For years, the AI industry has treated scaling laws as an empirical fact: double the parameters, double the data, and the loss drops in a clean power law. Everyone knew it worked, but nobody could convincingly explain why. That has just changed. A paper presented at NeurIPS 2025 by MIT researchers pins the mechanism down to a phenomenon called superposition, and the result is as elegant as it is consequential.
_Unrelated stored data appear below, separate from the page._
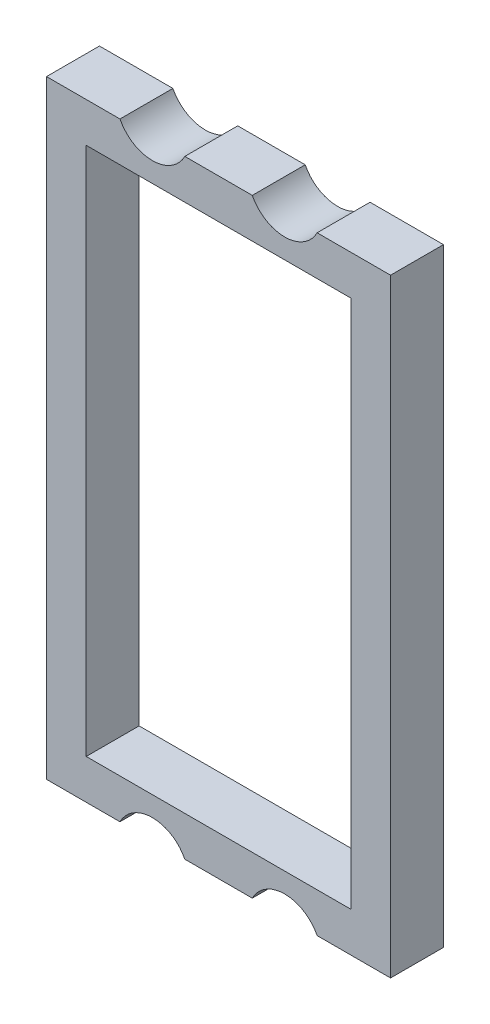
ISO-10303-21;
HEADER;
FILE_DESCRIPTION(('STEP AP214'),'2;1');
FILE_NAME('part.step','',(''),(''),'','','');
FILE_SCHEMA(('AUTOMOTIVE_DESIGN { 1 0 10303 214 1 1 1 1 }'));
ENDSEC;
DATA;
#1=APPLICATION_CONTEXT('core data for automotive mechanical design processes');
#2=APPLICATION_PROTOCOL_DEFINITION('international standard','automotive_design',2000,#1);
#3=PRODUCT_CONTEXT('',#1,'mechanical');
#4=PRODUCT('Part','Part','',(#3));
#5=PRODUCT_RELATED_PRODUCT_CATEGORY('part','',(#4));
#6=PRODUCT_DEFINITION_FORMATION('','',#4);
#7=PRODUCT_DEFINITION_CONTEXT('part definition',#1,'design');
#8=PRODUCT_DEFINITION('design','',#6,#7);
#9=PRODUCT_DEFINITION_SHAPE('','',#8);
#10=(LENGTH_UNIT() NAMED_UNIT(*) SI_UNIT(.MILLI.,.METRE.));
#11=(NAMED_UNIT(*) PLANE_ANGLE_UNIT() SI_UNIT($,.RADIAN.));
#12=(NAMED_UNIT(*) SI_UNIT($,.STERADIAN.) SOLID_ANGLE_UNIT());
#13=UNCERTAINTY_MEASURE_WITH_UNIT(LENGTH_MEASURE(1.E-05),#10,'distance_accuracy_value','');
#14=(GEOMETRIC_REPRESENTATION_CONTEXT(3) GLOBAL_UNCERTAINTY_ASSIGNED_CONTEXT((#13)) GLOBAL_UNIT_ASSIGNED_CONTEXT((#10,
#11,#12)) REPRESENTATION_CONTEXT('',''));
#15=CARTESIAN_POINT('',(0.,0.,0.));
#16=DIRECTION('',(0.,0.,1.));
#17=DIRECTION('',(1.,0.,0.));
#18=AXIS2_PLACEMENT_3D('',#15,#16,#17);
#19=CARTESIAN_POINT('',(0.,0.,0.));
#20=DIRECTION('',(0.,0.,1.));
#21=DIRECTION('',(0.,-1.,0.));
#22=AXIS2_PLACEMENT_3D('',#19,#20,#21);
#23=PLANE('',#22);
#24=DIRECTION('',(0.,1.,0.));
#25=VECTOR('',#24,1.);
#26=CARTESIAN_POINT('',(13.,-23.,0.));
#27=LINE('',#26,#25);
#28=CARTESIAN_POINT('',(13.,-23.,0.));
#29=VERTEX_POINT('',#28);
#30=CARTESIAN_POINT('',(13.,23.,0.));
#31=VERTEX_POINT('',#30);
#32=EDGE_CURVE('E25',#29,#31,#27,.T.);
#33=ORIENTED_EDGE('',*,*,#32,.F.);
#34=DIRECTION('',(1.,0.,0.));
#35=VECTOR('',#34,1.);
#36=CARTESIAN_POINT('',(7.44948974278318,-23.,0.));
#37=LINE('',#36,#35);
#38=CARTESIAN_POINT('',(7.44948974278318,-23.,0.));
#39=VERTEX_POINT('',#38);
#40=EDGE_CURVE('E34',#39,#29,#37,.T.);
#41=ORIENTED_EDGE('',*,*,#40,.F.);
#42=CARTESIAN_POINT('',(5.,-24.25,0.));
#43=DIRECTION('',(0.,0.,-1.));
#44=DIRECTION('',(-0.890723542830246,0.454545454545457,0.));
#45=AXIS2_PLACEMENT_3D('',#42,#43,#44);
#46=CIRCLE('',#45,2.75);
#47=CARTESIAN_POINT('',(2.55051025721682,-23.,0.));
#48=VERTEX_POINT('',#47);
#49=EDGE_CURVE('E185',#48,#39,#46,.T.);
#50=ORIENTED_EDGE('',*,*,#49,.F.);
#51=DIRECTION('',(1.,0.,0.));
#52=VECTOR('',#51,1.);
#53=CARTESIAN_POINT('',(-2.55051025721682,-23.,0.));
#54=LINE('',#53,#52);
#55=CARTESIAN_POINT('',(-2.55051025721682,-23.,0.));
#56=VERTEX_POINT('',#55);
#57=EDGE_CURVE('E190',#56,#48,#54,.T.);
#58=ORIENTED_EDGE('',*,*,#57,.F.);
#59=CARTESIAN_POINT('',(-5.,-24.25,0.));
#60=DIRECTION('',(0.,0.,-1.));
#61=DIRECTION('',(-0.890723542830245,0.454545454545458,0.));
#62=AXIS2_PLACEMENT_3D('',#59,#60,#61);
#63=CIRCLE('',#62,2.75);
#64=CARTESIAN_POINT('',(-7.44948974278318,-23.,0.));
#65=VERTEX_POINT('',#64);
#66=EDGE_CURVE('E198',#65,#56,#63,.T.);
#67=ORIENTED_EDGE('',*,*,#66,.F.);
#68=DIRECTION('',(1.,0.,0.));
#69=VECTOR('',#68,1.);
#70=CARTESIAN_POINT('',(-13.,-23.,0.));
#71=LINE('',#70,#69);
#72=CARTESIAN_POINT('',(-13.,-23.,0.));
#73=VERTEX_POINT('',#72);
#74=EDGE_CURVE('E214',#73,#65,#71,.T.);
#75=ORIENTED_EDGE('',*,*,#74,.F.);
#76=DIRECTION('',(0.,-1.,0.));
#77=VECTOR('',#76,1.);
#78=CARTESIAN_POINT('',(-13.,23.,0.));
#79=LINE('',#78,#77);
#80=CARTESIAN_POINT('',(-13.,23.,0.));
#81=VERTEX_POINT('',#80);
#82=EDGE_CURVE('E219',#81,#73,#79,.T.);
#83=ORIENTED_EDGE('',*,*,#82,.F.);
#84=DIRECTION('',(-1.,0.,0.));
#85=VECTOR('',#84,1.);
#86=CARTESIAN_POINT('',(-7.44948974278318,23.,0.));
#87=LINE('',#86,#85);
#88=CARTESIAN_POINT('',(-7.44948974278318,23.,0.));
#89=VERTEX_POINT('',#88);
#90=EDGE_CURVE('E277',#89,#81,#87,.T.);
#91=ORIENTED_EDGE('',*,*,#90,.F.);
#92=CARTESIAN_POINT('',(-5.,24.25,0.));
#93=DIRECTION('',(0.,0.,-1.));
#94=DIRECTION('',(0.890723542830245,-0.454545454545458,0.));
#95=AXIS2_PLACEMENT_3D('',#92,#93,#94);
#96=CIRCLE('',#95,2.75);
#97=CARTESIAN_POINT('',(-2.55051025721682,23.,0.));
#98=VERTEX_POINT('',#97);
#99=EDGE_CURVE('E228',#98,#89,#96,.T.);
#100=ORIENTED_EDGE('',*,*,#99,.F.);
#101=DIRECTION('',(-1.,0.,0.));
#102=VECTOR('',#101,1.);
#103=CARTESIAN_POINT('',(2.55051025721682,23.,0.));
#104=LINE('',#103,#102);
#105=CARTESIAN_POINT('',(2.55051025721682,23.,0.));
#106=VERTEX_POINT('',#105);
#107=EDGE_CURVE('E179',#106,#98,#104,.T.);
#108=ORIENTED_EDGE('',*,*,#107,.F.);
#109=CARTESIAN_POINT('',(5.,24.25,0.));
#110=DIRECTION('',(0.,0.,-1.));
#111=DIRECTION('',(0.890723542830245,-0.454545454545458,0.));
#112=AXIS2_PLACEMENT_3D('',#109,#110,#111);
#113=CIRCLE('',#112,2.75);
#114=CARTESIAN_POINT('',(7.44948974278318,23.,0.));
#115=VERTEX_POINT('',#114);
#116=EDGE_CURVE('E180',#115,#106,#113,.T.);
#117=ORIENTED_EDGE('',*,*,#116,.F.);
#118=DIRECTION('',(-1.,0.,0.));
#119=VECTOR('',#118,1.);
#120=CARTESIAN_POINT('',(13.,23.,0.));
#121=LINE('',#120,#119);
#122=EDGE_CURVE('E224',#31,#115,#121,.T.);
#123=ORIENTED_EDGE('',*,*,#122,.F.);
#124=EDGE_LOOP('',(#33,#41,#50,#58,#67,#75,#83,#91,#100,#108,#117,#123));
#125=FACE_BOUND('',#124,.T.);
#126=DIRECTION('',(-1.,0.,0.));
#127=VECTOR('',#126,1.);
#128=CARTESIAN_POINT('',(10.,-20.,0.));
#129=LINE('',#128,#127);
#130=CARTESIAN_POINT('',(10.,-20.,0.));
#131=VERTEX_POINT('',#130);
#132=CARTESIAN_POINT('',(-10.,-20.,0.));
#133=VERTEX_POINT('',#132);
#134=EDGE_CURVE('E268',#131,#133,#129,.T.);
#135=ORIENTED_EDGE('',*,*,#134,.F.);
#136=DIRECTION('',(0.,-1.,0.));
#137=VECTOR('',#136,1.);
#138=CARTESIAN_POINT('',(10.,20.,0.));
#139=LINE('',#138,#137);
#140=CARTESIAN_POINT('',(10.,20.,0.));
#141=VERTEX_POINT('',#140);
#142=EDGE_CURVE('E157',#141,#131,#139,.T.);
#143=ORIENTED_EDGE('',*,*,#142,.F.);
#144=DIRECTION('',(1.,0.,0.));
#145=VECTOR('',#144,1.);
#146=CARTESIAN_POINT('',(-10.,20.,0.));
#147=LINE('',#146,#145);
#148=CARTESIAN_POINT('',(-10.,20.,0.));
#149=VERTEX_POINT('',#148);
#150=EDGE_CURVE('E154',#149,#141,#147,.T.);
#151=ORIENTED_EDGE('',*,*,#150,.F.);
#152=DIRECTION('',(0.,1.,0.));
#153=VECTOR('',#152,1.);
#154=CARTESIAN_POINT('',(-10.,-20.,0.));
#155=LINE('',#154,#153);
#156=EDGE_CURVE('E201',#133,#149,#155,.T.);
#157=ORIENTED_EDGE('',*,*,#156,.F.);
#158=EDGE_LOOP('',(#135,#143,#151,#157));
#159=FACE_BOUND('',#158,.T.);
#160=ADVANCED_FACE('F14',(#125,#159),#23,.F.);
#161=CARTESIAN_POINT('',(13.,-23.,0.));
#162=DIRECTION('',(1.,0.,0.));
#163=DIRECTION('',(0.,1.,0.));
#164=AXIS2_PLACEMENT_3D('',#161,#162,#163);
#165=PLANE('',#164);
#166=DIRECTION('',(0.,0.,1.));
#167=VECTOR('',#166,1.);
#168=CARTESIAN_POINT('',(13.,23.,0.));
#169=LINE('',#168,#167);
#170=CARTESIAN_POINT('',(13.,23.,4.));
#171=VERTEX_POINT('',#170);
#172=EDGE_CURVE('E9',#31,#171,#169,.T.);
#173=ORIENTED_EDGE('',*,*,#172,.T.);
#174=DIRECTION('',(0.,1.,0.));
#175=VECTOR('',#174,1.);
#176=CARTESIAN_POINT('',(13.,-23.,4.));
#177=LINE('',#176,#175);
#178=CARTESIAN_POINT('',(13.,-23.,4.));
#179=VERTEX_POINT('',#178);
#180=EDGE_CURVE('E171',#179,#171,#177,.T.);
#181=ORIENTED_EDGE('',*,*,#180,.F.);
#182=DIRECTION('',(0.,0.,1.));
#183=VECTOR('',#182,1.);
#184=CARTESIAN_POINT('',(13.,-23.,0.));
#185=LINE('',#184,#183);
#186=EDGE_CURVE('E184',#29,#179,#185,.T.);
#187=ORIENTED_EDGE('',*,*,#186,.F.);
#188=ORIENTED_EDGE('',*,*,#32,.T.);
#189=EDGE_LOOP('',(#173,#181,#187,#188));
#190=FACE_BOUND('',#189,.T.);
#191=ADVANCED_FACE('F304',(#190),#165,.T.);
#192=CARTESIAN_POINT('',(7.44948974278318,-23.,0.));
#193=DIRECTION('',(0.,-1.,0.));
#194=DIRECTION('',(1.,0.,0.));
#195=AXIS2_PLACEMENT_3D('',#192,#193,#194);
#196=PLANE('',#195);
#197=ORIENTED_EDGE('',*,*,#186,.T.);
#198=DIRECTION('',(1.,0.,0.));
#199=VECTOR('',#198,1.);
#200=CARTESIAN_POINT('',(7.44948974278318,-23.,4.));
#201=LINE('',#200,#199);
#202=CARTESIAN_POINT('',(7.44948974278318,-23.,4.));
#203=VERTEX_POINT('',#202);
#204=EDGE_CURVE('E174',#203,#179,#201,.T.);
#205=ORIENTED_EDGE('',*,*,#204,.F.);
#206=DIRECTION('',(0.,0.,1.));
#207=VECTOR('',#206,1.);
#208=CARTESIAN_POINT('',(7.44948974278318,-23.,0.));
#209=LINE('',#208,#207);
#210=EDGE_CURVE('E188',#39,#203,#209,.T.);
#211=ORIENTED_EDGE('',*,*,#210,.F.);
#212=ORIENTED_EDGE('',*,*,#40,.T.);
#213=EDGE_LOOP('',(#197,#205,#211,#212));
#214=FACE_BOUND('',#213,.T.);
#215=ADVANCED_FACE('F309',(#214),#196,.T.);
#216=CARTESIAN_POINT('',(5.,-24.25,0.));
#217=DIRECTION('',(0.,0.,-1.));
#218=DIRECTION('',(0.,-1.,0.));
#219=AXIS2_PLACEMENT_3D('',#216,#217,#218);
#220=CYLINDRICAL_SURFACE('',#219,2.75);
#221=ORIENTED_EDGE('',*,*,#210,.T.);
#222=CARTESIAN_POINT('',(5.,-24.25,4.));
#223=DIRECTION('',(0.,0.,-1.));
#224=DIRECTION('',(-0.890723542830246,0.454545454545457,0.));
#225=AXIS2_PLACEMENT_3D('',#222,#223,#224);
#226=CIRCLE('',#225,2.75);
#227=CARTESIAN_POINT('',(2.55051025721682,-23.,4.));
#228=VERTEX_POINT('',#227);
#229=EDGE_CURVE('E55',#228,#203,#226,.T.);
#230=ORIENTED_EDGE('',*,*,#229,.F.);
#231=DIRECTION('',(0.,0.,1.));
#232=VECTOR('',#231,1.);
#233=CARTESIAN_POINT('',(2.55051025721682,-23.,0.));
#234=LINE('',#233,#232);
#235=EDGE_CURVE('E189',#48,#228,#234,.T.);
#236=ORIENTED_EDGE('',*,*,#235,.F.);
#237=ORIENTED_EDGE('',*,*,#49,.T.);
#238=EDGE_LOOP('',(#221,#230,#236,#237));
#239=FACE_BOUND('',#238,.T.);
#240=ADVANCED_FACE('F341',(#239),#220,.F.);
#241=CARTESIAN_POINT('',(-2.55051025721682,-23.,0.));
#242=DIRECTION('',(0.,-1.,0.));
#243=DIRECTION('',(1.,0.,0.));
#244=AXIS2_PLACEMENT_3D('',#241,#242,#243);
#245=PLANE('',#244);
#246=ORIENTED_EDGE('',*,*,#235,.T.);
#247=DIRECTION('',(1.,0.,0.));
#248=VECTOR('',#247,1.);
#249=CARTESIAN_POINT('',(-2.55051025721682,-23.,4.));
#250=LINE('',#249,#248);
#251=CARTESIAN_POINT('',(-2.55051025721682,-23.,4.));
#252=VERTEX_POINT('',#251);
#253=EDGE_CURVE('E66',#252,#228,#250,.T.);
#254=ORIENTED_EDGE('',*,*,#253,.F.);
#255=DIRECTION('',(0.,0.,1.));
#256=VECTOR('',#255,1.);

The core insight is simple. A language model's internal representation space has a fixed width—say, a few thousand dimensions. The number of distinct concepts it must represent, from individual tokens to abstract semantic features, runs into the tens of thousands. In a naive system, that math doesn't add up: you can only fit three orthogonal vectors in three dimensions before they start interfering. Real LLMs get around this by packing many concepts into the same dimensions, allowing their vector representations to overlap slightly. That overlap is superposition.
The MIT team, led by Yizhou Liu, Ziming Liu, and Jeff Gore, tested two competing regimes. In weak superposition, only the most common concepts get cleanly represented while rare ones are dropped. That regime produces a power law only if the training data itself follows a power-law distribution—a fragile coincidence. In strong superposition, the model stores every concept by letting its vector overlap with others, trading clean separation for completeness. The error then comes from the noise of overlapping representations, and it decays as 1/m, where m is the model's width. No special data distribution needed.
When the researchers examined real open-source models like OPT, GPT-2, Qwen2.5, and Pythia—from 100 million to 70 billion parameters—every single one operated in the strong superposition regime. The measured scaling exponent, 0.91, closely matches the theoretical 1/m prediction. DeepMind's Chinchilla data aligns at 0.88. The empirical scaling law that has driven the entire LLM race is not a lucky accident of data distribution; it is a direct consequence of how these models geometrically organize meaning.
For builders, this has concrete implications. First, scaling has a natural bound: when model width matches the vocabulary size, there is enough room to represent each token without overlap, and the error from superposition vanishes. The power law breaks at that point. Second, in domains where concept frequencies are extremely skewed—think scientific literature with rare but critical terms—you might see steeper scaling curves than in natural language. That is a practical lever for specialized models. Third, architectures that encourage tighter packing, like Nvidia's nGPT which normalizes vectors onto a unit sphere, should yield better performance at the same parameter count.
There is a serious catch, however. The more densely concepts are superimposed, the harder it becomes to disentangle them. Mechanistic interpretability researchers already struggle to trace model internals; strong superposition makes that job exponentially harder. This is not an academic concern. If we cannot reliably inspect what a model is doing, we cannot guarantee its safety. The MIT paper gives us a mechanistic understanding of why scaling works, but it also hands the alignment community a clearer target: we need new methods that can reverse superposition and isolate individual features.
My take is straightforward. This paper is the most important theoretical result about LLMs since the original scaling laws paper itself. It transforms scaling from a brute-force empirical observation into a consequence of geometry. That matters because it tells us where the ceiling is, how to get there faster, and what we lose along the way. The next generation of model design should treat superposition as a first-class architectural principle, not a bug to be ignored. But the price of that density is interpretability, and we had better start paying it now.